Chapter 8: Wrap up

This chapter summarizes the steps that lead the malware to infect the system and shows some application scenarios.

8.1 The steps leading to system compromise

In the previous chapters, specifically in Chapters 5, 6, and 7, we described how each part of the malware operates to successfully carry out the attack. In this section, we will summarize the malware’s action plan to provide the reader with a clear overview of how our software completes the attack operation. Regardless of the technologies used, it is possible to find, or at least replicate, this attack procedure in other scenarios with different operating systems, by merely adapting a few pieces of code so that they compile on the target architecture of the attack. We can, therefore, define this attack mode as a sort of standard that, more or less, is followed by any malware, with the exception of some minor code modifications.

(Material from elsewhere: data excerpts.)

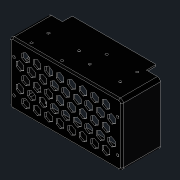
# Autodesk Inventor part: base45
Saved by Autodesk Inventor 2022 (Build 260153000, 153)
## iProperties
Created: 2021-08-30
Part Number: base45
Material: ABS プラスチック
Document SubType Name: Modeling
Designer: Yuta Kage
Density: 1.06 g/cm^3
Appearance: 滑らか - 黒
Author: Yuta Kage
Autodesk Inventor part; units mm, degrees
ref_plane "YZ Plane" through (0, 0, 0) normal (1, 0, 0) x (0, 1, 0)
ref_plane "XZ Plane" through (0, 0, 0) normal (0, 1, 0) x (-1, 0, 0)
ref_plane "XY Plane" through (0, 0, 0) normal (0, 0, 1) x (1, 0, 0)
sketch "スケッチ1" plane through (0, 0, 0) normal (0, 0, 1) x (1, 0, 0)
  line L0 (-70.25, -50) -> (70.25, -50) construction
  line L1 (70.25, -50) -> (70.25, 25) construction
  line L2 (70.25, 25) -> (-70.25, 25) construction
  line L3 (-70.25, 25) -> (-70.25, -50) construction
  line L4 (73.25, -53) -> (-73.25, -53)
  line L5 (-73.25, -53) -> (-73.25, 28)
  line L6 (-73.25, 28) -> (73.25, 28)
  line L7 (73.25, 28) -> (73.25, -53)
  point P0 (0, 0)
  dimension "d0" = 140.5
  dimension "d2" = 3
  dimension "d3" = 3
  dimension "d25" = 25
  dimension "d26" = 50
  dimension "d27" = 3
  dimension "d28" = 70.25
  dimension "d29" = 3
  constraints: 16 end point, 4 parallel, 2 horizontal, 2 perpendicular
  measures "d0" distance of L2.end L1.end
  measures "d2" distance between parallel lines of L6 L2
  measures "d3" distance between parallel lines of L5 L3
  measures "d25" distance from line of L2 point (0, 0)
  measures "d26" distance from line of L0 point (0, 0)
  measures "d27" distance between parallel lines of L1 L7
  measures "d28" distance from line of point (0, 0) L1
  measures "d29" distance between parallel lines of L0 L4
extrude "押し出し1" add sketch "スケッチ1" along normal blind 52.42
fillet "フィレット1" radius 4 4 edges at (73.25, 28, 26.21) (-73.25, 28, 26.21) (73.25, -53, 26.21) (-73.25, -53, 26.21)
fillet "フィレット2" radius 2 8 edges at (0, 28, 52.42) (-72.0784, 26.8284, 52.42) (-73.25, -12.5, 52.42) (-72.0784, -51.8284, 52.42) (0, -53, 52.42) (72.0784, -51.8284, 52.42) (73.25, -12.5, 52.42) (72.0784, 26.8284, 52.42)
shell "シェル1" thickness 2 removed faces 0
sketch "スケッチ2" plane through (0, 0, 0) normal (0, 0, -1) x (-1, 0, 0)
  arc A0 (69.25, -53) -> (73.25, -49) centre (69.25, -49) ccw projected
  line L0 (73.25, 24) -> (73.25, -49) projected
  arc A1 (73.25, 24) -> (69.25, 28) centre (69.25, 24) ccw projected
  line L1 (-69.25, 28) -> (69.25, 28) projected
  arc A2 (-69.25, 28) -> (-73.25, 24) centre (-69.25, 24) ccw projected
  line L2 (-73.25, -49) -> (-73.25, 24) projected
  arc A3 (-73.25, -49) -> (-69.25, -53) centre (-69.25, -49) ccw projected
  line L3 (69.25, -53) -> (-69.25, -53) projected
  point P0 (0, 0)
extrude "押し出し2" cut sketch "スケッチ2" against normal blind 2
sketch "スケッチ4" plane through (-69.25, -53, 50.42) normal (0, -1, 0) x (1, 0, 0)
  line L0 (138.5, -48.42) -> (0, -48.42) projected
  line L1 (124.25, -23.42) -> (14.25, -23.42)
  line L2 (14.25, -23.42) -> (14.25, -48.42)
  line L3 (14.25, -48.42) -> (124.25, -48.42)
  line L4 (124.25, -48.42) -> (124.25, -23.42)
  line L5 (124.25, -23.42) -> (14.25, -48.42) construction
  line L6 (14.25, -23.42) -> (124.25, -48.42) construction
  point P0 (69.25, -50.42)
  point P1 (69.25, -35.92)
  point P2 (69.25, -35.92)
  point P3 (124.25, -48.42)
  dimension "d21" = 110
  dimension "d22" = 25
  constraints: 12 end point, 3 midpoint, 2 parallel, 1 horizontal, 1 perpendicular, 1 point on line, 1 vertical alignment
  measures "d21" distance of L1.start L1.end
  measures "d22" distance of L3.end L1.start
extrude "押し出し3" cut sketch "スケッチ4" against normal blind 5
fillet "フィレット3" radius 5 2 edges at (55, -52, 27) (-55, -52, 27)
sketch "スケッチ3" plane through (0, 0, 52.42) normal (0, 0, 1) x (1, 0, 0)
  line L0 (73.25, 28) -> (-73.25, 28) projected
  line L1 (-73.25, 28) -> (-73.25, -53) projected
  line L2 (-73.25, -53) -> (73.25, -53) projected
  line L3 (73.25, -53) -> (73.25, 28) projected
  line L4 (-67.75, -36.75) -> (67.75, -36.75)
  line L5 (67.75, -36.75) -> (67.75, 6.75)
  line L6 (67.75, 6.75) -> (-67.75, 6.75)
  line L7 (-67.75, 6.75) -> (-67.75, -36.75)
  line L8 (-67.75, -36.75) -> (67.75, 6.75) construction
  line L9 (67.75, -36.75) -> (-67.75, 6.75) construction
  point P0 (88.6427, 28.7758)
  point P1 (88.6427, -28.7758)
  point P2 (0, 0)
  point P3 (0, -15)
  dimension "d19" = 135.5
  dimension "d20" = 43.5
  dimension "d103" = 81
  dimension "d106" = 15
  constraints: 12 end point, 2 parallel, 1 horizontal, 1 midpoint, 1 perpendicular, 1 vertical alignment
  measures "d19" distance of L5.end L6.end
  measures "d20" distance of L6.end L4.start
  measures "d103" distance between parallel lines of L2 L0
  measures "d106" distance of point (0, -15) point (0, 0)
hole "穴1" at (88.6427, -28.7758, 52.42) at (88.6427, 28.7758, 52.42) at (-67.75, 6.75, 52.42) at (-67.75, -36.75, 52.42) at (67.75, 6.75, 52.42) at (67.75, -36.75, 52.42) direction (0, 0, -1) diameter 3.4 end through all clearance for "Socket Head Cap Screw" size "M3" standard "Ansi Metric M Profile"
sketch "スケッチ5" plane through (-73.25, -49, 50.42) normal (-1, 0, 0) x (0, 0, 1)
  line L0 (-13.92, 52) -> (-21.92, 52)
  line L1 (-21.92, 52) -> (-21.92, 40)
  line L2 (-21.92, 40) -> (-13.92, 40)
  line L3 (-13.92, 40) -> (-13.92, 52)
  line L4 (-13.92, 52) -> (-21.92, 40) construction
  line L5 (-21.92, 52) -> (-13.92, 40) construction
  line L6 (0, 77) -> (-48.42, 77) projected
  line L7 (-48.42, 73) -> (-48.42, 0) projected
  line L8 (-30.92, 52) -> (-38.92, 52)
  line L9 (-38.92, 52) -> (-38.92, 40)
  line L10 (-38.92, 40) -> (-30.92, 40)
  line L11 (-30.92, 40) -> (-30.92, 52)
  line L12 (-30.92, 52) -> (-38.92, 40) construction
  line L13 (-38.92, 52) -> (-30.92, 40) construction
  point P0 (-50.42, 49)
  point P1 (-17.92, 46)
  point P2 (-34.92, 46)
  dimension "d31" = 31
  dimension "d32" = 30.5
  dimension "d33" = 8
  dimension "d34" = 12
  dimension "d37" = 17
  constraints: 24 end point, 4 midpoint, 2 horizontal, 2 parallel, 1 collinear, 1 perpendicular, 10 other
  measures "d31" distance from line of L6 point (-17.92, 46)
  measures "d32" distance from line of L7 point (-17.92, 46)
  measures "d33" distance of L1.end L2.end
  measures "d34" distance of L2.end L0.start
  measures "d37" distance of L0.start L8.start
extrude "押し出し4" cut sketch "スケッチ5" against normal blind 10
fillet "フィレット4" radius 1 8 edges at (-72.25, -9, 19.5) (-72.25, -9, 11.5) (-72.25, 3, 11.5) (-72.25, 3, 19.5) (-72.25, -9, 36.5) (-72.25, -9, 28.5) (-72.25, 3, 28.5) (-72.25, 3, 36.5)
sketch "スケッチ6" plane through (0, 0, 2) normal (0, 0, -1) x (-1, 0, 0)
  line L0 (69.25, 26) -> (-69.25, 26) projected
  line L1 (-69.25, 28) -> (69.25, 28) projected
  line L2 (55, 26) -> (-55, 26)
  line L3 (-55, 26) -> (-55, 28)
  line L4 (-55, 28) -> (55, 28)
  line L5 (55, 28) -> (55, 26)
  point P0 (0, 0)
  dimension "d45" = 55
  dimension "d46" = 55
  constraints: 8 end point, 2 parallel, 2 point on line, 1 horizontal, 1 perpendicular
  measures "d45" distance from line of point (0, 0) L3
  measures "d46" distance from line of L5 point (0, 0)
extrude "押し出し5" add sketch "スケッチ6" along normal blind 13
sketch "スケッチ7" plane through (0, 0, 52.42) normal (0, 0, 1) x (1, 0, 0)
  line L0 (-102.55, 0) -> (102.55, 0) construction
  line L1 (0, -69.2) -> (0, 44.2) projected
  line L2 (-69.25, -53) -> (69.25, -53) construction
  line L3 (69.25, 28) -> (-69.25, 28) projected
  line L4 (-60, -57.2446) -> (-65, -54.3579) construction
  line L5 (-65, -54.3579) -> (-65, -48.5844) construction
  line L6 (-65, -48.5844) -> (-60, -45.6976) construction
  line L7 (-60, -45.6976) -> (-55, -48.5844) construction
  line L8 (-55, -48.5844) -> (-55, -54.3579) construction
  line L9 (-55, -54.3579) -> (-60, -57.2446) construction
  line L10 (-67.5, -44.2543) -> (-72.5, -41.3675) construction
  line L11 (-72.5, -41.3675) -> (-72.5, -35.594) construction
  line L12 (-72.5, -35.594) -> (-67.5, -32.7073) construction
  line L13 (-67.5, -32.7073) -> (-62.5, -35.594) construction
  line L14 (-62.5, -35.594) -> (-62.5, -41.3675) construction
  line L15 (-62.5, -41.3675) -> (-67.5, -44.2543) construction
  line L16 (-60, -51.4711) -> (-67.5, -38.4808) construction
  line L17 (-57.5, -41.3675) -> (-57.5, -35.594)
  line L18 (-52.5, -44.2543) -> (-57.5, -41.3675)
  line L19 (-57.5, -35.594) -> (-52.5, -32.7073)
  line L20 (-47.5, -41.3675) -> (-52.5, -44.2543)
  line L21 (-52.5, -32.7073) -> (-47.5, -35.594)
  line L22 (-47.5, -35.594) -> (-47.5, -41.3675)
  line L23 (-50, -54.3579) -> (-50, -48.5844) construction
  line L24 (-45, -57.2446) -> (-50, -54.3579) construction
  line L25 (-50, -48.5844) -> (-45, -45.6976) construction
  line L26 (-45, -51.4711) -> (-52.5, -38.4808) construction
  line L27 (-40, -54.3579) -> (-45, -57.2446) construction
  line L28 (-40, -48.5844) -> (-40, -54.3579) construction
  line L29 (-45, -45.6976) -> (-40, -48.5844) construction
  line L30 (-72.5, -15.3868) -> (-72.5, -9.6132) construction
  line L31 (-67.5, -18.2735) -> (-72.5, -15.3868) construction
  line L32 (-72.5, -9.6132) -> (-67.5, -6.7265) construction
  line L33 (-62.5, -15.3868) -> (-67.5, -18.2735) construction
  line L34 (-67.5, -6.7265) -> (-62.5, -9.6132) construction
  line L35 (-62.5, -9.6132) -> (-62.5, -15.3868) construction
  line L36 (-65, -28.3771) -> (-65, -22.6036)
  line L37 (-60, -31.2639) -> (-65, -28.3771)
  line L38 (-65, -22.6036) -> (-60, -19.7169)
  line L39 (-60, -25.4904) -> (-67.5, -12.5) construction
  line L40 (-55, -28.3771) -> (-60, -31.2639)
  line L41 (-55, -22.6036) -> (-55, -28.3771)
  line L42 (-60, -19.7169) -> (-55, -22.6036)
  line L43 (-57.5, -15.3868) -> (-57.5, -9.6132)
  line L44 (-52.5, -18.2735) -> (-57.5, -15.3868)
  line L45 (-57.5, -9.6132) -> (-52.5, -6.7265)
  line L46 (-47.5, -15.3868) -> (-52.5, -18.2735)
  line L47 (-52.5, -6.7265) -> (-47.5, -9.6132)
  line L48 (-47.5, -9.6132) -> (-47.5, -15.3868)
  line L49 (-50, -28.3771) -> (-50, -22.6036)
  line L50 (-45, -31.2639) -> (-50, -28.3771)
  line L51 (-50, -22.6036) -> (-45, -19.7169)
  line L52 (-45, -25.4904) -> (-52.5, -12.5) construction
  line L53 (-40, -28.3771) -> (-45, -31.2639)
  line L54 (-40, -22.6036) -> (-40, -28.3771)
  line L55 (-45, -19.7169) -> (-40, -22.6036)
  line L56 (-42.5, -41.3675) -> (-42.5, -35.594)
  line L57 (-37.5, -44.2543) -> (-42.5, -41.3675)
  line L58 (-42.5, -35.594) -> (-37.5, -32.7073)
  line L59 (-32.5, -41.3675) -> (-37.5, -44.2543)
  line L60 (-37.5, -32.7073) -> (-32.5, -35.594)
  line L61 (-32.5, -35.594) -> (-32.5, -41.3675)
  line L62 (-35, -54.3579) -> (-35, -48.5844) construction
  line L63 (-30, -57.2446) -> (-35, -54.3579) construction
  line L64 (-35, -48.5844) -> (-30, -45.6976) construction
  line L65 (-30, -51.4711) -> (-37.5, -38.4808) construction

In Figure 8.1, we observe all the various steps that our malware, with its multiple parts, performs. Below, we describe each single step:

• Malware Delivery. The malicious file, packaged in the dropper, is sent to the victim, usually as an email attachment.
• Implant Reconstruction. Activating the dropper, i.e., enabling the macros of the Excel file, creates the implant’s executable; subsequently, it disables the display of file extensions; by doing so, the user can no longer distinguish the malicious application from the previous Office file (the executable’s icon has also been modified to be the same as that of an Excel file). At this point, the dropper creates a file identical to itself, called a purged file because it no longer contains the malicious instructions, and places it in a temporary folder. Finally, the Excel file self-deletes, leaving in its place only the implant which now has the appearance of the dropper (name and icon). The Excel sheet, i.e., the original dropper, after finishing the “preparations” for the attack, shows the user a message box inviting them to restart the application due to a pending update.
• Implant Activation. The user, invited by the dropper to close and reactivate the Excel sheet, will click again on the Excel file which, this time, however, is not a data sheet, but an application. The user, unconsciously, has activated the implant, which, first, activates the shellcode; subsequently, it self-destructs, replacing itself with the purged Excel file previously created by the dropper. In this way, if the user were to click again on the Excel file, it will open without problems and without showing alarming content, as it is the purged Excel file, i.e., devoid of any malicious content, containing only the initial legitimate data.
• Meterpreter Session Start. The shellcode contacts the Command and Control server, thus activating the Meterpreter session.
• Persistence Phase Start. The Metasploit handler automatically, once the connection with the shellcode is established, will start the script for the persistence phase, “soldering” our implant onto the target machine.

Figure 8.1. The complete sequence of steps that our malware performs to infect a machine.

8.2 Possible usage scenarios

This approach, as mentioned earlier, is very generic and usable in different contexts, perhaps by slightly modifying the implant and the technologies used to assemble it. In this section, we want to try to give some ideas on how this software can be used to attack a computer, perhaps in a phishing campaign.

8.2.1 Email scam

Surely the “delivery method” most appreciated by hackers is the one based on emails. In fact, this tool allows them to hide behind a mail server, without the need for on-site operations, and, at the same time, to target hundreds of thousands of victims with a simple script of a few lines (nowadays all major scripting languages allow fast and automatic sending of emails). It is not difficult to find one’s email inbox clogged with messages written in improbable Italian, containing completely generic information not directly related to our person, inviting us to click on a link or, even worse, to download an attachment (Figure 8.2). Precisely this last example is what we kept in mind during the development of our project and which we reported in Figure 8.1.

Figure 8.2. Typical phishing email inviting the user to download a file from the appropriate link.

8.2.2 Manual replacement of a shortcut

On Windows systems, but not only, there are so-called “shortcuts,” i.e., links or icons that allow the activation of a program, or the opening of a file, that is not in the current location and that, for reasons of consistency, one does not wish to duplicate (Figure 8.3).

Figure 8.3. Icon of a shortcut on Windows 10.

With a physical intrusion operation into the system to be attacked, it is possible to replace these shortcuts, generally easy to modify, with the malicious application, in our case only the implant. Having done this, when the operator, with the appropriate permissions, goes to call, through the compromised shortcut, the application they need, our implant will activate, but with the permissions of the operator who is using the machine at that moment (the logs will also report this latter operator as the one who performed the malicious actions). This method, perhaps one of the most subtle, has also been implemented in our persistence script, in which, however, it is executed automatically.